■ **Input for this task**:
* * *

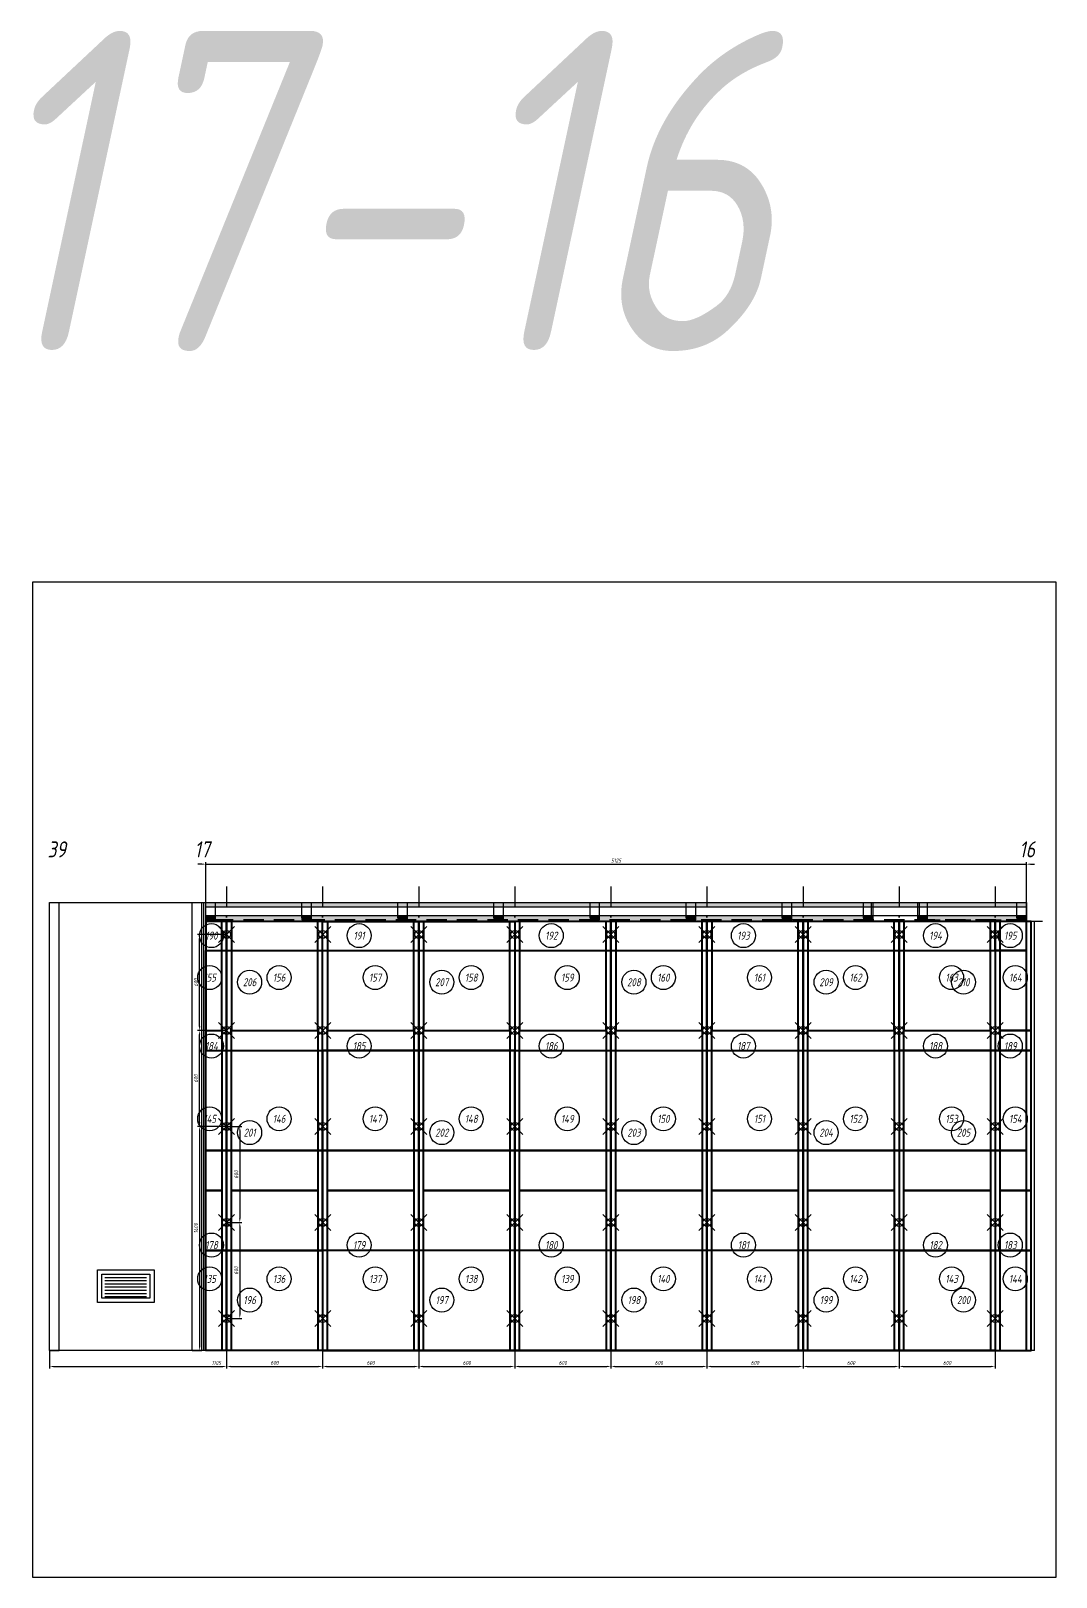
# Model space of a CAD drawing. Header units: millimetres. Extents: x -58926 to 122586, y -58688 to 8347.
# Drawn here: x 77054 to 83456, y -1320 to 8340 of the extents above; entities that cross this region are included whole.
import ezdxf
from ezdxf.enums import TextEntityAlignment as Align

# ---------------------------------------------------------------- set-up
doc = ezdxf.new("R2010")
doc.units = ezdxf.units.MM
doc.header["$PDMODE"] = 35
doc.header["$PDSIZE"] = 50
doc.linetypes.add('DASHDOT', pattern=[25.4, 12.7, -6.35, 0, -6.35])
doc.linetypes.add('DASHED', pattern=[19.05, 12.7, -6.35])
for name, color, linetype in [('01 Черновое', 7, 'Continuous'), ('02 ОВиК', 7, 'Continuous'), ('03 Потолок', 7, 'Continuous'), ('10 Перегородки', 7, 'Continuous'), ('101 Крепление', 7, 'Continuous'), ('101 Крепление размеры', 7, 'Continuous'), ('102 Звукоизоляция', 7, 'Continuous'), ('103 ГВЛ слой 1', 7, 'Continuous'), ('104 ГВЛ слой 2', 7, 'Continuous')]:
    doc.layers.add(name, color=color, linetype=linetype)
doc.layers.add('100 noprint', color=1, linetype='Continuous', plot=False)
doc.styles.get("Standard").update_dxf_attribs({"font": 'arial.ttf'})
doc.styles.add('ГОСТ-ISOCPEUR', font='isocpeui.ttf', dxfattribs={"width": 0.8})
doc.dimstyles.new('ISO-25', dxfattribs={"dimtxt": 2.5, "dimasz": 2.5, "dimexe": 1.25, "dimexo": 0.625, "dimtad": 1, "dimtxsty": 'Standard', "dimcen": 2.5, "dimadec": 0, "dimazin": 0, "dimtfac": 1, "dimtmove": 0, "dimatfit": 3, "dimfxl": 1, "dimarcsym": 0})

# ---------------------------------------------------------------- blocks, each defined once
blk = doc.blocks.new('*D245')
at = {"layer": '101 Крепление размеры', "color": 0, "lineweight": -2}
for p, q in [((78275.9, 1495.2), (78095.2, 1495.2)), ((78107.7, 1470.2), (78107.7, 120.2)), ((78275.9, 95.2), (78095.2, 95.2))]:
    blk.add_line(p, q, dxfattribs=at)
at = {"layer": '101 Крепление размеры', "color": 0}
for points in [[(78111.8, 1470.2), (78103.5, 1470.2), (78107.7, 1495.2)], [(78103.5, 120.2), (78111.8, 120.2), (78107.7, 95.2)]]:
    blk.add_solid(points, dxfattribs=at)
at = {"layer": 'Defpoints', "color": 0}
for p in [(78275.9, 1495.2), (78107.7, 95.2), (78275.9, 95.2)]:
    blk.add_point(p, dxfattribs=at)
at = {"layer": '101 Крепление размеры', "color": 0, "insert": (78085.2, 859.7), "char_height": 25, "attachment_point": 5, "rotation": 90, "style": 'ГОСТ-ISOCPEUR'}
blk.add_mtext('1400', dxfattribs=at)
blk = doc.blocks.new('*D246')
at = {"layer": '101 Крепление размеры', "color": 0, "lineweight": -2}
for p, q in [((78275.9, 2095.2), (78095.2, 2095.2)), ((78107.7, 1520.2), (78107.7, 2070.2)), ((78275.9, 1495.2), (78095.2, 1495.2))]:
    blk.add_line(p, q, dxfattribs=at)
at = {"layer": '101 Крепление размеры', "color": 0}
for points in [[(78111.8, 2070.2), (78103.5, 2070.2), (78107.7, 2095.2)], [(78103.5, 1520.2), (78111.8, 1520.2), (78107.7, 1495.2)]]:
    blk.add_solid(points, dxfattribs=at)
at = {"layer": 'Defpoints', "color": 0}
for p in [(78107.7, 2095.2), (78275.9, 2095.2), (78275.9, 1495.2)]:
    blk.add_point(p, dxfattribs=at)
at = {"layer": '101 Крепление размеры', "color": 0, "insert": (78085.2, 1795.2), "char_height": 25, "attachment_point": 5, "rotation": 90, "style": 'ГОСТ-ISOCPEUR'}
blk.add_mtext('600', dxfattribs=at)
blk = doc.blocks.new('*D247')
at = {"layer": '101 Крепление размеры', "color": 0, "lineweight": -2}
for p, q in [((78275.9, 2695.2), (78095.2, 2695.2)), ((78107.7, 2120.2), (78107.7, 2670.2)), ((78275.9, 2095.2), (78095.2, 2095.2))]:
    blk.add_line(p, q, dxfattribs=at)
at = {"layer": '101 Крепление размеры', "color": 0}
for points in [[(78111.8, 2670.2), (78103.5, 2670.2), (78107.7, 2695.2)], [(78103.5, 2120.2), (78111.8, 2120.2), (78107.7, 2095.2)]]:
    blk.add_solid(points, dxfattribs=at)
at = {"layer": 'Defpoints', "color": 0}
for p in [(78107.7, 2695.2), (78275.9, 2695.2), (78275.9, 2095.2)]:
    blk.add_point(p, dxfattribs=at)
at = {"layer": '101 Крепление размеры', "color": 0, "insert": (78085.2, 2395.2), "char_height": 25, "attachment_point": 5, "rotation": 90, "style": 'ГОСТ-ISOCPEUR'}
blk.add_mtext('600', dxfattribs=at)
blk = doc.blocks.new('*D248')
at = {"layer": '101 Крепление размеры', "color": 0, "lineweight": -2}
for p, q in [((78275.2, 1495.2), (78371.1, 1495.2)), ((78358.6, 1470.2), (78358.6, 920.2)), ((78275.9, 895.2), (78371.1, 895.2))]:
    blk.add_line(p, q, dxfattribs=at)
at = {"layer": '101 Крепление размеры', "color": 0}
for points in [[(78362.8, 1470.2), (78354.4, 1470.2), (78358.6, 1495.2)], [(78354.4, 920.2), (78362.8, 920.2), (78358.6, 895.2)]]:
    blk.add_solid(points, dxfattribs=at)
at = {"layer": 'Defpoints', "color": 0}
for p in [(78275.2, 1495.2), (78275.9, 895.2), (78358.6, 895.2)]:
    blk.add_point(p, dxfattribs=at)
at = {"layer": '101 Крепление размеры', "color": 0, "insert": (78336.1, 1195.2), "char_height": 25, "attachment_point": 5, "rotation": 90, "style": 'ГОСТ-ISOCPEUR'}
blk.add_mtext('600', dxfattribs=at)
blk = doc.blocks.new('*D249')
at = {"layer": '101 Крепление размеры', "color": 0, "lineweight": -2}
for p, q in [((78275.9, 895.2), (78371.1, 895.2)), ((78358.6, 870.2), (78358.6, 320.2)), ((78275.9, 295.2), (78371.1, 295.2))]:
    blk.add_line(p, q, dxfattribs=at)
at = {"layer": '101 Крепление размеры', "color": 0}
for points in [[(78362.8, 870.2), (78354.4, 870.2), (78358.6, 895.2)], [(78354.4, 320.2), (78362.8, 320.2), (78358.6, 295.2)]]:
    blk.add_solid(points, dxfattribs=at)
at = {"layer": 'Defpoints', "color": 0}
for p in [(78275.9, 895.2), (78275.9, 295.2), (78358.6, 295.2)]:
    blk.add_point(p, dxfattribs=at)
at = {"layer": '101 Крепление размеры', "color": 0, "insert": (78336.1, 595.2), "char_height": 25, "attachment_point": 5, "rotation": 90, "style": 'ГОСТ-ISOCPEUR'}
blk.add_mtext('600', dxfattribs=at)
blk = doc.blocks.new('*D250')
at = {"layer": '101 Крепление размеры', "color": 0, "lineweight": -2}
for p, q in [((77170.9, 95.2), (77170.9, -17.5)), ((78275.9, 95.2), (78275.9, -17.5)), ((77195.9, -5), (78250.9, -5))]:
    blk.add_line(p, q, dxfattribs=at)
at = {"layer": '101 Крепление размеры', "color": 0}
for points in [[(77195.9, -0.9), (77195.9, -9.2), (77170.9, -5)], [(78250.9, -9.2), (78250.9, -0.9), (78275.9, -5)]]:
    blk.add_solid(points, dxfattribs=at)
at = {"layer": 'Defpoints', "color": 0}
for p in [(77170.9, 95.2), (78275.9, 95.2), (78275.9, -5)]:
    blk.add_point(p, dxfattribs=at)
at = {"layer": '101 Крепление размеры', "color": 0, "insert": (78211.9, 17.5), "char_height": 25, "attachment_point": 5, "style": 'ГОСТ-ISOCPEUR'}
blk.add_mtext('1105', dxfattribs=at)
blk = doc.blocks.new('*D251')
at = {"layer": '101 Крепление размеры', "color": 0, "lineweight": -2}
for p, q in [((78275.9, 95.2), (78275.9, -16.8)), ((78875.9, 95.2), (78875.9, -16.8)), ((78300.9, -4.3), (78850.9, -4.3))]:
    blk.add_line(p, q, dxfattribs=at)
at = {"layer": '101 Крепление размеры', "color": 0}
for points in [[(78300.9, -0.1), (78300.9, -8.4), (78275.9, -4.3)], [(78850.9, -8.4), (78850.9, -0.1), (78875.9, -4.3)]]:
    blk.add_solid(points, dxfattribs=at)
at = {"layer": 'Defpoints', "color": 0}
for p in [(78275.9, 95.2), (78875.9, 95.2), (78875.9, -4.3)]:
    blk.add_point(p, dxfattribs=at)
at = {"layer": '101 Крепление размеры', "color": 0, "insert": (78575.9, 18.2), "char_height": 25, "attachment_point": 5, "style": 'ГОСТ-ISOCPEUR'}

* * *

Set aside each line above that includes the string "import" and report it.

■ **Exercise answer**:
import ezdxf
from ezdxf.enums import TextEntityAlignment as Align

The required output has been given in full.